God sometimes brings the most unusual people into our lives while we’re traveling. There’s the milk-truck driver who barely spoke English who tried to convince us that milk was bad for us as we sat in the rest area eating cold cereal. There was the clown (literally) and his wife in the state park campground who tried out all his tricks on us before going to his niece’s school. And none of us can forget some of the graphic busses and painted vans that have slept across parking lots from us, from coast to coast.
Sometimes I think about these unusual people – the ones who don’t fit into society as “culture” sees itself. They’re a special tribe, really. And very often, they can more easily receive the blessing of God from a random stranger than can, say, someone who is more “normal”, going to a church, living the so-called “American Dream”. They know they’re not normal. So they’re open to others who also aren’t normal.
Very often, it’s these types of people who are blessed when we show up on the scene. We’re not standing there thinking, “And now, I’m going to go out and sneak up on people and bless them!” It comes with who God has called us to be – to be a blessing everywhere we go, whether we try to or not.
But it’s often to these “outcasts” of society that we bless. We usually don’t know we’ve been “sent” to them until afterward. It happens and we’re like, “Well, we’ve done it again!”
On our last trip, we were desperate for a campsite. The campgrounds in the park were all full (constantly!) We were going to have to drive a couple of hours to a campground we didn’t want to stay at and probably would be full before we got there. If it was full, we would have to drive another couple hours to get to another campground. Which meant that we were going to have to drive four hours back to the trailhead in the morning. It just wasn’t working out well.
One of my group members had seen a sign for a private campground near where the access road for the park met the main highway. “We can at least check it out,” she said. Others in my group weren’t so happy about this solution. “Private campgrounds never like groups our size,” one objected. “But if you or someone else wants to ask about it, go for it.” And he drove us to the campground.

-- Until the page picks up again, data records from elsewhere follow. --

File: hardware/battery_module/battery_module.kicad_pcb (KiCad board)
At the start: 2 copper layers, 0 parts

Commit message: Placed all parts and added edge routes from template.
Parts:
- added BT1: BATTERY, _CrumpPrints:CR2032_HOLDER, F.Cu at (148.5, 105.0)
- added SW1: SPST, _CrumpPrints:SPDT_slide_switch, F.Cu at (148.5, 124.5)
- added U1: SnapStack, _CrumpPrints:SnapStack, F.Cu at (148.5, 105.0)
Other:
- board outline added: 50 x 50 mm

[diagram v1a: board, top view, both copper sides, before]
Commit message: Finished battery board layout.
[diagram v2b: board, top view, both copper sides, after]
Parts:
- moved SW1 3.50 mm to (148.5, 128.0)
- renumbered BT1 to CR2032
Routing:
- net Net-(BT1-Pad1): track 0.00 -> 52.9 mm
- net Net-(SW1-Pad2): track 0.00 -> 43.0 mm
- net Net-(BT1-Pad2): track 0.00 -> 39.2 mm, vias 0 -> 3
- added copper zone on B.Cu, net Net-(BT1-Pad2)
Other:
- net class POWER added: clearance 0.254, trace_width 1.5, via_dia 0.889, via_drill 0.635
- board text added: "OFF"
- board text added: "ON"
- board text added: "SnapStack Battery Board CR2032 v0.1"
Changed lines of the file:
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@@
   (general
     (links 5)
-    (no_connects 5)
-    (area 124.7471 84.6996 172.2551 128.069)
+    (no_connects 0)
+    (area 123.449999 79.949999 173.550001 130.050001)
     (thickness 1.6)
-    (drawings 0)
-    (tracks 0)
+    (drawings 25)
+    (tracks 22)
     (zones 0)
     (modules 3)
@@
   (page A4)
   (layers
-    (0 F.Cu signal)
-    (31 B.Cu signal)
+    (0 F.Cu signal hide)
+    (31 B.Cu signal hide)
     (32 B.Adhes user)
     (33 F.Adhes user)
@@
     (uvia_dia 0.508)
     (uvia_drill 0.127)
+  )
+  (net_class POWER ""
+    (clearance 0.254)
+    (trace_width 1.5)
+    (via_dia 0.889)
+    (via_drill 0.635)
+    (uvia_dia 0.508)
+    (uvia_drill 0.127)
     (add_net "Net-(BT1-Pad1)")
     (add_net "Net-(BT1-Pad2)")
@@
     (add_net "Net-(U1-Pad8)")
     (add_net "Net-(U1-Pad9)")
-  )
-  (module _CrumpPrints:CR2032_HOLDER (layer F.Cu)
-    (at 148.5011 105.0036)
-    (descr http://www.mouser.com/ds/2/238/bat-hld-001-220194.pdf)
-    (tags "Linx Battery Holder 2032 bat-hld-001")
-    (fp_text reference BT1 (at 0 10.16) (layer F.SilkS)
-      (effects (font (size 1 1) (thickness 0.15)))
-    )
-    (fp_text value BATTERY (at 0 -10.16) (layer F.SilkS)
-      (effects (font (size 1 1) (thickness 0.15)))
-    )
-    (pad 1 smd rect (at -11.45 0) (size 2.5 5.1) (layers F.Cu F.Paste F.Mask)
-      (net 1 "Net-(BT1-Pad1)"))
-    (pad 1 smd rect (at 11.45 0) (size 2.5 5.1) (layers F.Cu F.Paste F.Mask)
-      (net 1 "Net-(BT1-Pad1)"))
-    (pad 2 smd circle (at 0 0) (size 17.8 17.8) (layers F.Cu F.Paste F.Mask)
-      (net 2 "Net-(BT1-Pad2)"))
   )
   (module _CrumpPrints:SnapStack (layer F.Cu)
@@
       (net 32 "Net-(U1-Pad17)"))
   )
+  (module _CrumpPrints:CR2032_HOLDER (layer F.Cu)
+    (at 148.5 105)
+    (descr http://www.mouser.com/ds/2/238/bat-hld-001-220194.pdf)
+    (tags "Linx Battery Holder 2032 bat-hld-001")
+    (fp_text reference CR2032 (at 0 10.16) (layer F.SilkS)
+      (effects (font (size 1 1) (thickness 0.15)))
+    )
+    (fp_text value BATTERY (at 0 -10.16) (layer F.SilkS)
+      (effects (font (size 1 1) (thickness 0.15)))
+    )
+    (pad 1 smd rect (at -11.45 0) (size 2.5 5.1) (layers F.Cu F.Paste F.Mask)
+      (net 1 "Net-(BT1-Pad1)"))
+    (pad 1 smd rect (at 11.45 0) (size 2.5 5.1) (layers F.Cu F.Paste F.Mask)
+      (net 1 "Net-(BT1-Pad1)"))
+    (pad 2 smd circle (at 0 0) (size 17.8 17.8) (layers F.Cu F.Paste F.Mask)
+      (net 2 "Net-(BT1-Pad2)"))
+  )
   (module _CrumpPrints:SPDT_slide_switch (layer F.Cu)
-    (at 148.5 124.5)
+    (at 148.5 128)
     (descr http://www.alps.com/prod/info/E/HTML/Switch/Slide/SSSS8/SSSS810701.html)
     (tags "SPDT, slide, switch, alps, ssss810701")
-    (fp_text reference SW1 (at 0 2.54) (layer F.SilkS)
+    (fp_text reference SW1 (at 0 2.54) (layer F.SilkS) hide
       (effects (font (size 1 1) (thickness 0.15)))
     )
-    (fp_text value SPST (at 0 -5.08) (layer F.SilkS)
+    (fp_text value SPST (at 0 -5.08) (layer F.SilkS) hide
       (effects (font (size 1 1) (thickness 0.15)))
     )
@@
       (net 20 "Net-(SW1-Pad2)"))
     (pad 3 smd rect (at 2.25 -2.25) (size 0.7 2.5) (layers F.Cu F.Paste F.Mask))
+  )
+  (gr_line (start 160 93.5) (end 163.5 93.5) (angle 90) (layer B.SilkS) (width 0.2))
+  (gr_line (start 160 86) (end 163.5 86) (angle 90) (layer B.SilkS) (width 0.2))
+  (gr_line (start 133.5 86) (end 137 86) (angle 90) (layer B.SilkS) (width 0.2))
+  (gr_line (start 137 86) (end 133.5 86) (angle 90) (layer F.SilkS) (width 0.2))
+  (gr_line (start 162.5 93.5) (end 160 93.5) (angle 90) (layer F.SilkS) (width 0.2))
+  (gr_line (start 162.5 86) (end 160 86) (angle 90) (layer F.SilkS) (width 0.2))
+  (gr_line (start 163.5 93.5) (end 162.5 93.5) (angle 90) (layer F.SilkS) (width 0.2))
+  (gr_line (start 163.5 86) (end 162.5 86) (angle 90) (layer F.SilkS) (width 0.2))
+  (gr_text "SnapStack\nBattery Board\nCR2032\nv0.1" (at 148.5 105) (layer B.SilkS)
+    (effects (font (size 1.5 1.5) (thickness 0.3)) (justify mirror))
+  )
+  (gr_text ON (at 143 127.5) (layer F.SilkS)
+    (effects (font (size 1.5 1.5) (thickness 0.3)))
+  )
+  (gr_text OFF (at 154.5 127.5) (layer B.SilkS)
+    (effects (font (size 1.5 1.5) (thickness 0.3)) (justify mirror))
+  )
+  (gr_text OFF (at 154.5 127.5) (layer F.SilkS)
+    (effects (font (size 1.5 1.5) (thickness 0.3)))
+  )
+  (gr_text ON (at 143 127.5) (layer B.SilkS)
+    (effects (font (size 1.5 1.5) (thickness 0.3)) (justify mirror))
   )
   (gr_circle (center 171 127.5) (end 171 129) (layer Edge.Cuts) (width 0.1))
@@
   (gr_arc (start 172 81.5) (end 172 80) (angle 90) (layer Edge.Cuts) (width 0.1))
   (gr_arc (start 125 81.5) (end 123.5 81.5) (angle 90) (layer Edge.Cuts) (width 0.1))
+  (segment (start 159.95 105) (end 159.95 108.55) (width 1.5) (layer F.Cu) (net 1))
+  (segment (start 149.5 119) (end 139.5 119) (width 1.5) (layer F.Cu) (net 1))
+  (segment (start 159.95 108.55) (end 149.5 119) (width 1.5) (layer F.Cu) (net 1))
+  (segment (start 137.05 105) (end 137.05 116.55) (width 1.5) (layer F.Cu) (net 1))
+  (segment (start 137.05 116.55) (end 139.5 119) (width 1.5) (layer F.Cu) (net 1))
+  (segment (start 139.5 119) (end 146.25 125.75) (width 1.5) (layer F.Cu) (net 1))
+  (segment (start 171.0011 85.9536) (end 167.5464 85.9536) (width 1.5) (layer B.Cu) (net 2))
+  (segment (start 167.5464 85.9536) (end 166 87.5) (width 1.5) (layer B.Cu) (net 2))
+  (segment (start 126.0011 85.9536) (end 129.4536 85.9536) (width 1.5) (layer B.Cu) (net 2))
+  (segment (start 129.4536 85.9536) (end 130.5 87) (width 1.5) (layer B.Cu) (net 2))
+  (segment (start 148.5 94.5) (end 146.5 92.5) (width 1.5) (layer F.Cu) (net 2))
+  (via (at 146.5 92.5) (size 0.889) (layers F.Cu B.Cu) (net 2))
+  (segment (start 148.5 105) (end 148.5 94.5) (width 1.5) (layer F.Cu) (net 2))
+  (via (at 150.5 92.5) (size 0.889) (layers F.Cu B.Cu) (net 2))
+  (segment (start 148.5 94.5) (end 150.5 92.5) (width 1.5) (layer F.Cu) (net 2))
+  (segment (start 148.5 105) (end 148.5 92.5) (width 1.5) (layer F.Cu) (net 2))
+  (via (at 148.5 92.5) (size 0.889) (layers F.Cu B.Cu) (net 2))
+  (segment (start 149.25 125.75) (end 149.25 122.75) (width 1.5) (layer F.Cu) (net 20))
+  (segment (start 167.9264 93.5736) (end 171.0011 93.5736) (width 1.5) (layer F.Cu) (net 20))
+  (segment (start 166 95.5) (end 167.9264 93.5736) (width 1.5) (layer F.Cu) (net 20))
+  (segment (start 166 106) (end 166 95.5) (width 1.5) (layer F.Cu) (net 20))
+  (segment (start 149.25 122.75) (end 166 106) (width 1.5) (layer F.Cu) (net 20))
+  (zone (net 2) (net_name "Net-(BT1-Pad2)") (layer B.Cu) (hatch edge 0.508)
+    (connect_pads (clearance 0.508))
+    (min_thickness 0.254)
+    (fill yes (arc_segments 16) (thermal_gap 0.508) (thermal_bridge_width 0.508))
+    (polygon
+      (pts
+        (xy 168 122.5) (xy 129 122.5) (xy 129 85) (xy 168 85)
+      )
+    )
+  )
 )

I hopped out of the van, but no one was around. A hand-painted sign on a peeling piece of plywood proclaimed that the sites were $20 (no worse than the sites in the park) and if no one was at the office, to pay via the box, also with peeling paint, that hung on the wall of the office. The office and restroom were made of painted pressboard. This wasn’t a private campground with all the amenities (we found later that there weren’t even sinks in the bathrooms yet) looking to suck money off of retirees in big campers who wanted a high-brow place to stay. They didn’t seem to care how many people were in each site. So we rumbled down the rutted dirt road to the campsites literally carved out of the scrub brush.
The owner showed up in her ancient pickup a few minutes later, so I went out to chat with her and give her a night’s worth of money. She was a native Alaskan and, from what I could tell, could use the money. There didn’t seem to be a husband in the situation (I later learned that there was, but he wasn’t in good health). Given what the Bible says about widows (James 1:27, etc.), I was more than happy to bless this older woman with my camping money.
We had a great night’s sleep and put money in the box on our way out at 6:30am the next morning, claiming the site for ourselves for a second night. Though that evening the horses got out of the pen (not uncommon, I guess) and contemplated nibbling the shoes we were drying on the hood of the van. There’s always an adventure around the corner, it seems.
We didn’t leave money the next morning, being unsure, ourselves, what our plans for the next day would be. But that night we were back. And you should have seen how happy that owner was. “I didn’t think you were coming because you didn’t leave money in the box. But I’m sure glad you’re back. You can have your old site.”
She wasn’t your average entrepreneur. But we blessed her. Financially, yes, but also just being there and liking her and her campground. We didn’t complain, or make noise, or call the police on her horses.
She was one of that peculiar tribe that isn’t normal. In fact, a lot of people might have considered her an outcast from even her original culture. But like so many unusual people, she could sense the blessing on us and was willing to receive, consciously or unconsciously, the blessing we were carrying.
And there we were, once again, thinking, “Well, we’ve done it again!” Or more like, “God, You did it again, and we weren’t even trying.”